AI Will Not Replace Writers

I suspect that in the decades to come, 2023 will be noted as the year that AI started to take over the world, and humanity both embraced and recoiled in horror at the possibilities. It was no longer science fiction that a “computer” became capable of answering more than rudimentary questions without extensive programming.

I use “computer” in quotes because we’re no longer talking about a singular device, such as a phone or laptop. Something else that’s become particularly overlooked is that our devices are less about local processing than they are terminals for access to a global computer, services exposed through the multitude of online services that require little more than a browser and a few clicks to use. That means we have access to the global computer anywhere we are, so long as there’s a way for our device to see it.

That level of ubiquity is only the beginning. Our “personal assistants” – Google, Siri, and Alexa – are only the beginning of a J.A.R.V.I.S.-like experience, at least once we figure out the inherent flaws in LLMs and their ability to deal with the unknown in reasonable ways, anyway.

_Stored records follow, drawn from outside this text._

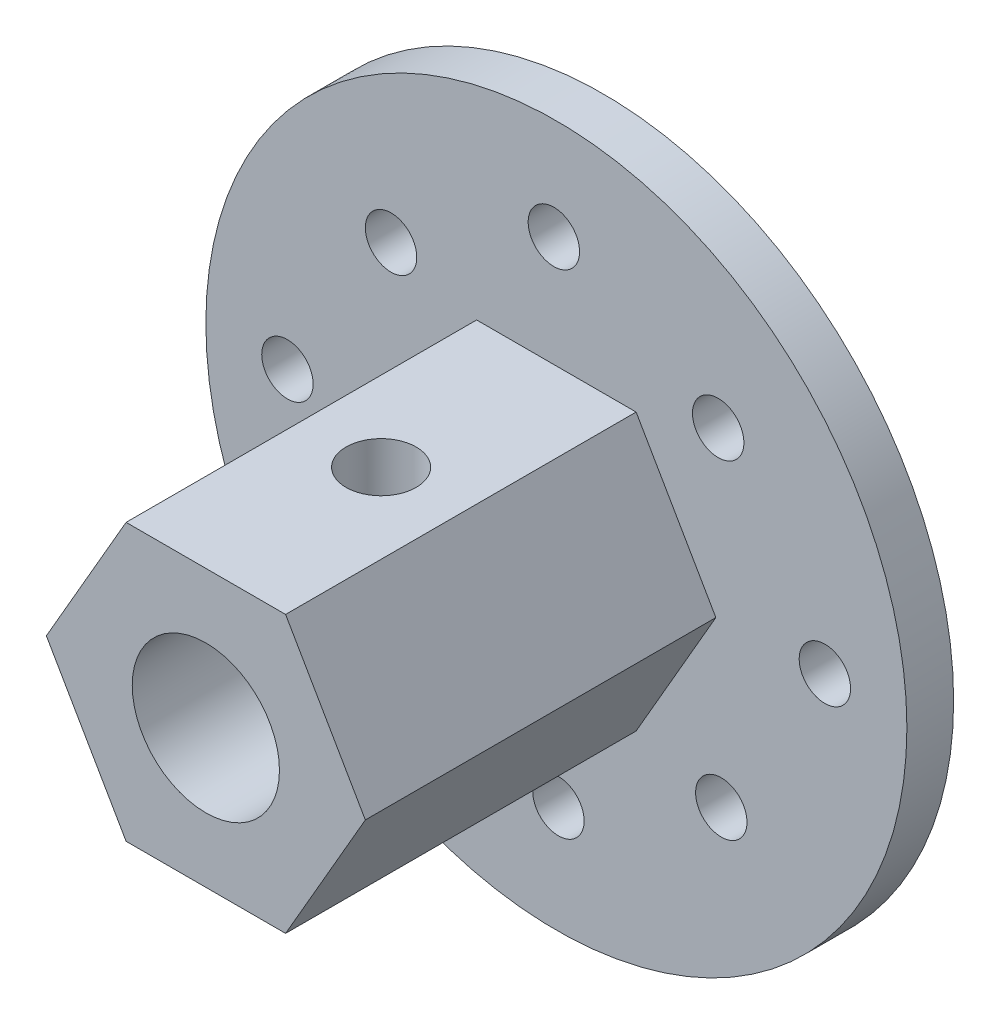
ISO-10303-21;
HEADER;
FILE_DESCRIPTION(('STEP AP214'),'2;1');
FILE_NAME('part.step','',(''),(''),'','','');
FILE_SCHEMA(('AUTOMOTIVE_DESIGN { 1 0 10303 214 1 1 1 1 }'));
ENDSEC;
DATA;
#1=APPLICATION_CONTEXT('core data for automotive mechanical design processes');
#2=APPLICATION_PROTOCOL_DEFINITION('international standard','automotive_design',2000,#1);
#3=PRODUCT_CONTEXT('',#1,'mechanical');
#4=PRODUCT('Part','Part','',(#3));
#5=PRODUCT_RELATED_PRODUCT_CATEGORY('part','',(#4));
#6=PRODUCT_DEFINITION_FORMATION('','',#4);
#7=PRODUCT_DEFINITION_CONTEXT('part definition',#1,'design');
#8=PRODUCT_DEFINITION('design','',#6,#7);
#9=PRODUCT_DEFINITION_SHAPE('','',#8);
#10=(LENGTH_UNIT() NAMED_UNIT(*) SI_UNIT(.MILLI.,.METRE.));
#11=(NAMED_UNIT(*) PLANE_ANGLE_UNIT() SI_UNIT($,.RADIAN.));
#12=(NAMED_UNIT(*) SI_UNIT($,.STERADIAN.) SOLID_ANGLE_UNIT());
#13=UNCERTAINTY_MEASURE_WITH_UNIT(LENGTH_MEASURE(1.E-05),#10,'distance_accuracy_value','');
#14=(GEOMETRIC_REPRESENTATION_CONTEXT(3) GLOBAL_UNCERTAINTY_ASSIGNED_CONTEXT((#13)) GLOBAL_UNIT_ASSIGNED_CONTEXT((#10,
#11,#12)) REPRESENTATION_CONTEXT('',''));
#15=CARTESIAN_POINT('',(0.,0.,0.));
#16=DIRECTION('',(0.,0.,1.));
#17=DIRECTION('',(1.,0.,0.));
#18=AXIS2_PLACEMENT_3D('',#15,#16,#17);
#19=CARTESIAN_POINT('',(0.,-5.9106233808288,15.));
#20=DIRECTION('',(0.,1.,0.));
#21=DIRECTION('',(-1.,0.,0.));
#22=AXIS2_PLACEMENT_3D('',#19,#20,#21);
#23=PLANE('',#22);
#24=CARTESIAN_POINT('',(0.,-5.9106233808288,7.5));
#25=DIRECTION('',(0.,1.,0.));
#26=DIRECTION('',(-1.,0.,0.));
#27=AXIS2_PLACEMENT_3D('',#24,#25,#26);
#28=CIRCLE('',#27,1.5);
#29=CARTESIAN_POINT('',(-1.5,-5.9106233808288,7.5));
#30=VERTEX_POINT('',#29);
#31=EDGE_CURVE('E222',#30,#30,#28,.T.);
#32=ORIENTED_EDGE('',*,*,#31,.T.);
#33=EDGE_LOOP('',(#32));
#34=FACE_BOUND('',#33,.T.);
#35=DIRECTION('',(1.,0.,0.));
#36=VECTOR('',#35,1.);
#37=CARTESIAN_POINT('',(0.,-5.9106233808288,0.));
#38=LINE('',#37,#36);
#39=CARTESIAN_POINT('',(-3.4125,-5.91062338082879,0.));
#40=VERTEX_POINT('',#39);
#41=CARTESIAN_POINT('',(3.4125,-5.9106233808288,0.));
#42=VERTEX_POINT('',#41);
#43=EDGE_CURVE('E97',#40,#42,#38,.T.);
#44=ORIENTED_EDGE('',*,*,#43,.T.);
#45=DIRECTION('',(0.,0.,-1.));
#46=VECTOR('',#45,1.);
#47=CARTESIAN_POINT('',(3.4125,-5.9106233808288,15.));
#48=LINE('',#47,#46);
#49=CARTESIAN_POINT('',(3.4125,-5.9106233808288,15.));
#50=VERTEX_POINT('',#49);
#51=EDGE_CURVE('E11',#50,#42,#48,.T.);
#52=ORIENTED_EDGE('',*,*,#51,.F.);
#53=DIRECTION('',(1.,0.,0.));
#54=VECTOR('',#53,1.);
#55=CARTESIAN_POINT('',(0.,-5.9106233808288,15.));
#56=LINE('',#55,#54);
#57=CARTESIAN_POINT('',(-3.4125,-5.91062338082879,15.));
#58=VERTEX_POINT('',#57);
#59=EDGE_CURVE('E283',#58,#50,#56,.T.);
#60=ORIENTED_EDGE('',*,*,#59,.F.);
#61=DIRECTION('',(0.,0.,-1.));
#62=VECTOR('',#61,1.);
#63=CARTESIAN_POINT('',(-3.4125,-5.91062338082879,15.));
#64=LINE('',#63,#62);
#65=EDGE_CURVE('E111',#58,#40,#64,.T.);
#66=ORIENTED_EDGE('',*,*,#65,.T.);
#67=EDGE_LOOP('',(#44,#52,#60,#66));
#68=FACE_BOUND('',#67,.T.);
#69=ADVANCED_FACE('F37',(#34,#68),#23,.F.);
#70=CARTESIAN_POINT('',(5.11875,-2.9553116904144,15.));
#71=DIRECTION('',(-0.866025403784439,0.5,0.));
#72=DIRECTION('',(-0.5,-0.866025403784439,0.));
#73=AXIS2_PLACEMENT_3D('',#70,#71,#72);
#74=PLANE('',#73);
#75=DIRECTION('',(0.5,0.866025403784439,0.));
#76=VECTOR('',#75,1.);
#77=CARTESIAN_POINT('',(5.11875,-2.9553116904144,0.));
#78=LINE('',#77,#76);
#79=CARTESIAN_POINT('',(6.825,0.,0.));
#80=VERTEX_POINT('',#79);
#81=EDGE_CURVE('E93',#42,#80,#78,.T.);
#82=ORIENTED_EDGE('',*,*,#81,.T.);
#83=DIRECTION('',(0.,0.,-1.));
#84=VECTOR('',#83,1.);
#85=CARTESIAN_POINT('',(6.825,0.,15.));
#86=LINE('',#85,#84);
#87=CARTESIAN_POINT('',(6.825,0.,15.));
#88=VERTEX_POINT('',#87);
#89=EDGE_CURVE('E52',#88,#80,#86,.T.);
#90=ORIENTED_EDGE('',*,*,#89,.F.);
#91=DIRECTION('',(0.5,0.866025403784439,0.));
#92=VECTOR('',#91,1.);
#93=CARTESIAN_POINT('',(5.11875,-2.9553116904144,15.));
#94=LINE('',#93,#92);
#95=EDGE_CURVE('E107',#50,#88,#94,.T.);
#96=ORIENTED_EDGE('',*,*,#95,.F.);
#97=ORIENTED_EDGE('',*,*,#51,.T.);
#98=EDGE_LOOP('',(#82,#90,#96,#97));
#99=FACE_BOUND('',#98,.T.);
#100=ADVANCED_FACE('F106',(#99),#74,.F.);
#101=CARTESIAN_POINT('',(5.11875,2.9553116904144,15.));
#102=DIRECTION('',(-0.866025403784439,-0.5,0.));
#103=DIRECTION('',(0.5,-0.866025403784439,0.));
#104=AXIS2_PLACEMENT_3D('',#101,#102,#103);
#105=PLANE('',#104);
#106=DIRECTION('',(-0.5,0.866025403784439,0.));
#107=VECTOR('',#106,1.);
#108=CARTESIAN_POINT('',(5.11875,2.9553116904144,0.));
#109=LINE('',#108,#107);
#110=CARTESIAN_POINT('',(3.4125,5.9106233808288,0.));
#111=VERTEX_POINT('',#110);
#112=EDGE_CURVE('E100',#80,#111,#109,.T.);
#113=ORIENTED_EDGE('',*,*,#112,.T.);
#114=DIRECTION('',(0.,0.,-1.));
#115=VECTOR('',#114,1.);
#116=CARTESIAN_POINT('',(3.4125,5.9106233808288,15.));
#117=LINE('',#116,#115);
#118=CARTESIAN_POINT('',(3.4125,5.9106233808288,15.));
#119=VERTEX_POINT('',#118);
#120=EDGE_CURVE('E137',#119,#111,#117,.T.);
#121=ORIENTED_EDGE('',*,*,#120,.F.);
#122=DIRECTION('',(-0.5,0.866025403784439,0.));
#123=VECTOR('',#122,1.);
#124=CARTESIAN_POINT('',(5.11875,2.9553116904144,15.));
#125=LINE('',#124,#123);
#126=EDGE_CURVE('E286',#88,#119,#125,.T.);
#127=ORIENTED_EDGE('',*,*,#126,.F.);
#128=ORIENTED_EDGE('',*,*,#89,.T.);
#129=EDGE_LOOP('',(#113,#121,#127,#128));
#130=FACE_BOUND('',#129,.T.);
#131=ADVANCED_FACE('F210',(#130),#105,.F.);
#132=CARTESIAN_POINT('',(0.,5.9106233808288,15.));
#133=DIRECTION('',(0.,-1.,0.));
#134=DIRECTION('',(1.,0.,0.));
#135=AXIS2_PLACEMENT_3D('',#132,#133,#134);
#136=PLANE('',#135);
#137=CARTESIAN_POINT('',(0.,5.9106233808288,7.5));
#138=DIRECTION('',(0.,1.,0.));
#139=DIRECTION('',(-1.,0.,0.));
#140=AXIS2_PLACEMENT_3D('',#137,#138,#139);
#141=CIRCLE('',#140,1.5);
#142=CARTESIAN_POINT('',(-1.5,5.9106233808288,7.5));
#143=VERTEX_POINT('',#142);
#144=EDGE_CURVE('E145',#143,#143,#141,.T.);
#145=ORIENTED_EDGE('',*,*,#144,.F.);
#146=EDGE_LOOP('',(#145));
#147=FACE_BOUND('',#146,.T.);
#148=DIRECTION('',(-1.,0.,0.));
#149=VECTOR('',#148,1.);
#150=CARTESIAN_POINT('',(0.,5.9106233808288,0.));
#151=LINE('',#150,#149);
#152=CARTESIAN_POINT('',(-3.4125,5.9106233808288,0.));
#153=VERTEX_POINT('',#152);
#154=EDGE_CURVE('E121',#111,#153,#151,.T.);
#155=ORIENTED_EDGE('',*,*,#154,.T.);
#156=DIRECTION('',(0.,0.,-1.));
#157=VECTOR('',#156,1.);
#158=CARTESIAN_POINT('',(-3.4125,5.9106233808288,15.));
#159=LINE('',#158,#157);
#160=CARTESIAN_POINT('',(-3.4125,5.9106233808288,15.));
#161=VERTEX_POINT('',#160);
#162=EDGE_CURVE('E134',#161,#153,#159,.T.);
#163=ORIENTED_EDGE('',*,*,#162,.F.);
#164=DIRECTION('',(-1.,0.,0.));
#165=VECTOR('',#164,1.);
#166=CARTESIAN_POINT('',(0.,5.9106233808288,15.));
#167=LINE('',#166,#165);
#168=EDGE_CURVE('E288',#119,#161,#167,.T.);
#169=ORIENTED_EDGE('',*,*,#168,.F.);
#170=ORIENTED_EDGE('',*,*,#120,.T.);
#171=EDGE_LOOP('',(#155,#163,#169,#170));
#172=FACE_BOUND('',#171,.T.);
#173=ADVANCED_FACE('F206',(#147,#172),#136,.F.);
#174=CARTESIAN_POINT('',(-5.11875,2.9553116904144,15.));
#175=DIRECTION('',(0.866025403784439,-0.5,0.));
#176=DIRECTION('',(0.5,0.866025403784439,0.));
#177=AXIS2_PLACEMENT_3D('',#174,#175,#176);
#178=PLANE('',#177);
#179=DIRECTION('',(-0.5,-0.866025403784439,0.));
#180=VECTOR('',#179,1.);
#181=CARTESIAN_POINT('',(-5.11875,2.9553116904144,0.));
#182=LINE('',#181,#180);
#183=CARTESIAN_POINT('',(-6.825,0.,0.));
#184=VERTEX_POINT('',#183);
#185=EDGE_CURVE('E124',#153,#184,#182,.T.);
#186=ORIENTED_EDGE('',*,*,#185,.T.);
#187=DIRECTION('',(0.,0.,-1.));
#188=VECTOR('',#187,1.);
#189=CARTESIAN_POINT('',(-6.825,0.,15.));
#190=LINE('',#189,#188);
#191=CARTESIAN_POINT('',(-6.825,0.,15.));
#192=VERTEX_POINT('',#191);
#193=EDGE_CURVE('E131',#192,#184,#190,.T.);
#194=ORIENTED_EDGE('',*,*,#193,.F.);
#195=DIRECTION('',(-0.5,-0.866025403784439,0.));
#196=VECTOR('',#195,1.);
#197=CARTESIAN_POINT('',(-5.11875,2.9553116904144,15.));
#198=LINE('',#197,#196);
#199=EDGE_CURVE('E289',#161,#192,#198,.T.);
#200=ORIENTED_EDGE('',*,*,#199,.F.);
#201=ORIENTED_EDGE('',*,*,#162,.T.);
#202=EDGE_LOOP('',(#186,#194,#200,#201));
#203=FACE_BOUND('',#202,.T.);
#204=ADVANCED_FACE('F203',(#203),#178,.F.);
#205=CARTESIAN_POINT('',(0.,0.,15.));
#206=DIRECTION('',(0.,0.,-1.));
#207=DIRECTION('',(-1.,0.,0.));
#208=AXIS2_PLACEMENT_3D('',#205,#206,#207);
#209=CYLINDRICAL_SURFACE('',#208,3.15);
#210=CARTESIAN_POINT('',(-1.5,-2.76992779689291,7.5));
#211=CARTESIAN_POINT('',(-1.49999512828054,-2.76993355691465,7.57872488532269));
#212=CARTESIAN_POINT('',(-1.49376181526376,-2.77333403488741,7.65756185561535));
#213=CARTESIAN_POINT('',(-1.46912569232975,-2.78645890771976,7.81286106870493));
#214=CARTESIAN_POINT('',(-1.45069492745545,-2.79619782860643,7.88931743301203));
#215=CARTESIAN_POINT('',(-1.40260850542124,-2.82062152123807,8.03732147343197));
#216=CARTESIAN_POINT('',(-1.37300820581179,-2.8352818629121,8.10889133468752));
#217=CARTESIAN_POINT('',(-1.30359090354353,-2.86785913338934,8.24603198704063));
#218=CARTESIAN_POINT('',(-1.26377419981075,-2.88577596690503,8.31160295358621));
#219=CARTESIAN_POINT('',(-1.17157340786821,-2.92448170601209,8.44028578083248));
#220=CARTESIAN_POINT('',(-1.11847444649718,-2.94538512566762,8.50285124762856));
#221=CARTESIAN_POINT('',(-1.00270750312831,-2.98678034208223,8.61860748151321));
#222=CARTESIAN_POINT('',(-0.940035134894633,-3.00727194526521,8.67179392723941));
#223=CARTESIAN_POINT('',(-0.802317251690317,-3.04700129599587,8.77038371492235));
#224=CARTESIAN_POINT('',(-0.726756178783365,-3.06609096429287,8.81513211812391));
#225=CARTESIAN_POINT('',(-0.56810053101371,-3.09940545699353,8.89103604275899));
#226=CARTESIAN_POINT('',(-0.485010311532368,-3.11363307150366,8.92219936287959));
#227=CARTESIAN_POINT('',(-0.319429022533573,-3.13479947496421,8.96794099194401));
#228=CARTESIAN_POINT('',(-0.237255730091782,-3.14215492850824,8.98347258106389));
#229=CARTESIAN_POINT('',(-0.0711644119017913,-3.15029110072656,9.00063147644495));
#230=CARTESIAN_POINT('',(0.0127526438372442,-3.15107538154907,9.00226631596237));
#231=CARTESIAN_POINT('',(0.17285517871007,-3.14619314795333,8.99199352604636));
#232=CARTESIAN_POINT('',(0.249127419883694,-3.14103170182195,8.98114628383523));
#233=CARTESIAN_POINT('',(0.398616200858829,-3.12558047721987,8.94809051131312));
#234=CARTESIAN_POINT('',(0.471832512939892,-3.11529031730662,8.92588113595246));
#235=CARTESIAN_POINT('',(0.61446159029421,-3.09034956876121,8.87053915939075));
#236=CARTESIAN_POINT('',(0.683802738834998,-3.07563718497101,8.83725098731157));
#237=CARTESIAN_POINT('',(0.816091361413133,-3.04321219161389,8.76088636320448));
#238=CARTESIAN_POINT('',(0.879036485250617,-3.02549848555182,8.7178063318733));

And it’s that very situation – dealing with the unknown in a reasonable way – that is at the heart of my post. Right now, we’re dealing with a very unrealistic view of what AIs/LLMs can do. On the one side, we have the Writers Guild of America (WGA) and the Screen Actors Guild - American Federation of Television and Radio Artists (SAG-AFTRA) on strike because they fear that their work is in the process of being taken over by AI so it can be readily commoditized into Frankenstein productions for which they’ll never see a dime, or worse, bring ruin to their names and legacies. And they’re not wrong, because on the other side, we have the production companies who have proven, for decades, their willingness to throw out a cheap knock-off and make a few bucks than invest in quality.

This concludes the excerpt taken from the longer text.